Stored entries:
○ ○ ○ ○ ○ ○ ○

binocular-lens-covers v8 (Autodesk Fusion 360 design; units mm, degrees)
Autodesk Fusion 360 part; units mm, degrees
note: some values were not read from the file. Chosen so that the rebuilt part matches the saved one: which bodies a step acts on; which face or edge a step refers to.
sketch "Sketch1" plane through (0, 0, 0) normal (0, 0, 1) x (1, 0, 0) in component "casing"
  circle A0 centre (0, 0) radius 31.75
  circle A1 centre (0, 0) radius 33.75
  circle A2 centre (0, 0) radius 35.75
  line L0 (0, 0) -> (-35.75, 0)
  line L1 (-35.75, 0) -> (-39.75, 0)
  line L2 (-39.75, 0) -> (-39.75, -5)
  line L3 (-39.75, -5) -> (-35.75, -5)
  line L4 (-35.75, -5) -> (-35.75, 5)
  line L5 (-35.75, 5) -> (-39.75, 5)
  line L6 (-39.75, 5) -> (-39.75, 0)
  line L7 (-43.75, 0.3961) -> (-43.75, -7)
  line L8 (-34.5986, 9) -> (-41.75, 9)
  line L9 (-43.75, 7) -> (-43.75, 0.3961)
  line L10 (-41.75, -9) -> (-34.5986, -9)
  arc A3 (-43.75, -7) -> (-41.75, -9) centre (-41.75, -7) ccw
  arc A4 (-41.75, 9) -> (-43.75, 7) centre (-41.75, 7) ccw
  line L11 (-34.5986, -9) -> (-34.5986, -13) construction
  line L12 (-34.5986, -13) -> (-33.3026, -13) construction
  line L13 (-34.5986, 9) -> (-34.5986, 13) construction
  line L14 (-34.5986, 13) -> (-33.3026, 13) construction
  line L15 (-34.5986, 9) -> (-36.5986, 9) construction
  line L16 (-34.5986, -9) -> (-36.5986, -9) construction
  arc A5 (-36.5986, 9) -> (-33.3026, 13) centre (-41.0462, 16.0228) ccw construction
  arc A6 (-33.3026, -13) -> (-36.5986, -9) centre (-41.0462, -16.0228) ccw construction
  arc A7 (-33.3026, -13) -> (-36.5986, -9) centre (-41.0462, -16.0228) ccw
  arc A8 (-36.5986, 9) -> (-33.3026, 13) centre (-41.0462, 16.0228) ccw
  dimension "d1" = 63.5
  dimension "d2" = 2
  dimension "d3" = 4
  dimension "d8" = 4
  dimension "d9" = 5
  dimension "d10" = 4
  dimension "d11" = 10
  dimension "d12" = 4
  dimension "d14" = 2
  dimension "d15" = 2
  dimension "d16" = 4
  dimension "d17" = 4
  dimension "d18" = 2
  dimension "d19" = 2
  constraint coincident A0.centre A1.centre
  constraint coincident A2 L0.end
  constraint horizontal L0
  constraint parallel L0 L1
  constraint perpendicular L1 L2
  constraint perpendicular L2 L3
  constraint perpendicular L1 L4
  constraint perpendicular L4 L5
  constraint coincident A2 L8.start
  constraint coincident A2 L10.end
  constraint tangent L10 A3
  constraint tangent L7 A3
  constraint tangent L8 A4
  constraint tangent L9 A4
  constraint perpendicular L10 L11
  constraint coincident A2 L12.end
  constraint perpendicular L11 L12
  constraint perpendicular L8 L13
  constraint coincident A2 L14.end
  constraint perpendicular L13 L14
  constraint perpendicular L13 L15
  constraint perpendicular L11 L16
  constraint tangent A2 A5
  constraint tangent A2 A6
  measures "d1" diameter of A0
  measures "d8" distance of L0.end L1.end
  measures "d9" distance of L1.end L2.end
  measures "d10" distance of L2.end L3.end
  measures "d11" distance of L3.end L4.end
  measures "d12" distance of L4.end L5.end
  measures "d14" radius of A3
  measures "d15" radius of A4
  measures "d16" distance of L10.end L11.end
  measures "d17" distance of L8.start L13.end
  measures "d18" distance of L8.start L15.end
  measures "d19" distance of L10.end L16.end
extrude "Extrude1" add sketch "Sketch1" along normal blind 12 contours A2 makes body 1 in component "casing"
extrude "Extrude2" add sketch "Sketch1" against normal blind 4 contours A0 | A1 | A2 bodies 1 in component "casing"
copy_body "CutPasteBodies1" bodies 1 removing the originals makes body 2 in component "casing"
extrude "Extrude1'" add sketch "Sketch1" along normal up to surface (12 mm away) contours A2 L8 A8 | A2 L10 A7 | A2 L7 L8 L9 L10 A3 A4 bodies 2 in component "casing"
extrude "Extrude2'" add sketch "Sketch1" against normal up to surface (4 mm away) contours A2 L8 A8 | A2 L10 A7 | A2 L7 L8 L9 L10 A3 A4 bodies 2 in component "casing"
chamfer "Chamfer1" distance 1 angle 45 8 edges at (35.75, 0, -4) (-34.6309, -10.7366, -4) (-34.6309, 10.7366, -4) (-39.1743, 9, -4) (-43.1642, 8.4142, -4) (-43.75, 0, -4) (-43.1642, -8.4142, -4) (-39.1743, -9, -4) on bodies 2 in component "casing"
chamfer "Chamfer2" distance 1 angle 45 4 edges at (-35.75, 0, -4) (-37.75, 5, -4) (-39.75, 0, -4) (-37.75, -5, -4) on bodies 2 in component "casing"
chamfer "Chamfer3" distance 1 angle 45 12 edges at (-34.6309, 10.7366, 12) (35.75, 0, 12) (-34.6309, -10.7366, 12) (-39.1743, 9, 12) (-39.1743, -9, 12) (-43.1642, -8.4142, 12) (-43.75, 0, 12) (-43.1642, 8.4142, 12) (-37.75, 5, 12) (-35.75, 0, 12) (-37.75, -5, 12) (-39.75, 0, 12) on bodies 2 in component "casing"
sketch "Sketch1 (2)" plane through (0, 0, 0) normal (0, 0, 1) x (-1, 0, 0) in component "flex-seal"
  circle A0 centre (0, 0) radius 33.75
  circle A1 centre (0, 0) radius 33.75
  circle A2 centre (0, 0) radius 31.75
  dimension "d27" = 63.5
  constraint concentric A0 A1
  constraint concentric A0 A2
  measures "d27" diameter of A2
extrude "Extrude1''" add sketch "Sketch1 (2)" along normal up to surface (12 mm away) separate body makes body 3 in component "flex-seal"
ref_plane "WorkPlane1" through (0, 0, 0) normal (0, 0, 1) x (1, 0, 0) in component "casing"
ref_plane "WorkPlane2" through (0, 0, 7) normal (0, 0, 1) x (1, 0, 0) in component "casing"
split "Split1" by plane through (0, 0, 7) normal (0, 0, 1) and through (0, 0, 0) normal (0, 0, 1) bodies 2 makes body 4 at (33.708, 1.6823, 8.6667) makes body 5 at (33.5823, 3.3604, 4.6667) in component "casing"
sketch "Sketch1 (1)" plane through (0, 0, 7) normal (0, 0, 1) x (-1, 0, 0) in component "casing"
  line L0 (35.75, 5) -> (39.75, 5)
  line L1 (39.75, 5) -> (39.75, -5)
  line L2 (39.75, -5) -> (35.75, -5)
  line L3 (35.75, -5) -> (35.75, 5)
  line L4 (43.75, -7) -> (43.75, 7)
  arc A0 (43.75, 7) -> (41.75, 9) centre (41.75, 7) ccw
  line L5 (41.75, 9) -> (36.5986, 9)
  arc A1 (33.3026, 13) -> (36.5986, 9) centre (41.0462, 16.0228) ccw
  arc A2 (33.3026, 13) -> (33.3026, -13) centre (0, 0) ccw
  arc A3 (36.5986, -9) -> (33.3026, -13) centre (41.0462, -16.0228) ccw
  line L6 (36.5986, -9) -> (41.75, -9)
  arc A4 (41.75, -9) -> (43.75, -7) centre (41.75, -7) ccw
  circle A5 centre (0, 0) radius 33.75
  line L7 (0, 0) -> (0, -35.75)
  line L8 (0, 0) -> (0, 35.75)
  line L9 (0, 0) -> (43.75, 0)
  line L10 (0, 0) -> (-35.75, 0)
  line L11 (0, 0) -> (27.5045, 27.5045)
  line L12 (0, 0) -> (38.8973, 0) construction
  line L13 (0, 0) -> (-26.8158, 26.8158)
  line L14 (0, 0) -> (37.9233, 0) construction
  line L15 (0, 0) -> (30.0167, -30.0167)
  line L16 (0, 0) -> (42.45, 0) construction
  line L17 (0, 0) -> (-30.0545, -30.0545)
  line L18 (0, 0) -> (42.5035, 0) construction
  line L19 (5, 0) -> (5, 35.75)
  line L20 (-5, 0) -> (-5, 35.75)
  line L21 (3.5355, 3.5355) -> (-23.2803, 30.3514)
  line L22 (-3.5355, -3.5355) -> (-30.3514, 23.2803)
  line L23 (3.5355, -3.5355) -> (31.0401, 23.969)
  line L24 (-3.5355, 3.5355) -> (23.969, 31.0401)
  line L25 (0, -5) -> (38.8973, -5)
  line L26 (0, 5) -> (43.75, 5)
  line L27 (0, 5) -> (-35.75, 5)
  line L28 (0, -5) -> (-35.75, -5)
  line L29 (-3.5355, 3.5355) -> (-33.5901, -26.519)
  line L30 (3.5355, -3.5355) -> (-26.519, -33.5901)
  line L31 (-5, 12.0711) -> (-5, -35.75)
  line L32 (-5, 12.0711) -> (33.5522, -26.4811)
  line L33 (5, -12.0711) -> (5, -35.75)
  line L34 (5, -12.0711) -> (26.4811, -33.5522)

○ ○ ○ ○ ○ ○ ○

Goal of the exercise: Take the lines above from the one containing "line L13 (0, 0) -> (-26.8158, 26.8158)" to the one containing "line L29 (-3.5355, 3.5355)" and retype them exactly, both ends included, with nothing added.

Answer box:
  line L13 (0, 0) -> (-26.8158, 26.8158)
  line L14 (0, 0) -> (37.9233, 0) construction
  line L15 (0, 0) -> (30.0167, -30.0167)
  line L16 (0, 0) -> (42.45, 0) construction
  line L17 (0, 0) -> (-30.0545, -30.0545)
  line L18 (0, 0) -> (42.5035, 0) construction
  line L19 (5, 0) -> (5, 35.75)
  line L20 (-5, 0) -> (-5, 35.75)
  line L21 (3.5355, 3.5355) -> (-23.2803, 30.3514)
  line L22 (-3.5355, -3.5355) -> (-30.3514, 23.2803)
  line L23 (3.5355, -3.5355) -> (31.0401, 23.969)
  line L24 (-3.5355, 3.5355) -> (23.969, 31.0401)
  line L25 (0, -5) -> (38.8973, -5)
  line L26 (0, 5) -> (43.75, 5)
  line L27 (0, 5) -> (-35.75, 5)
  line L28 (0, -5) -> (-35.75, -5)
  line L29 (-3.5355, 3.5355) -> (-33.5901, -26.519)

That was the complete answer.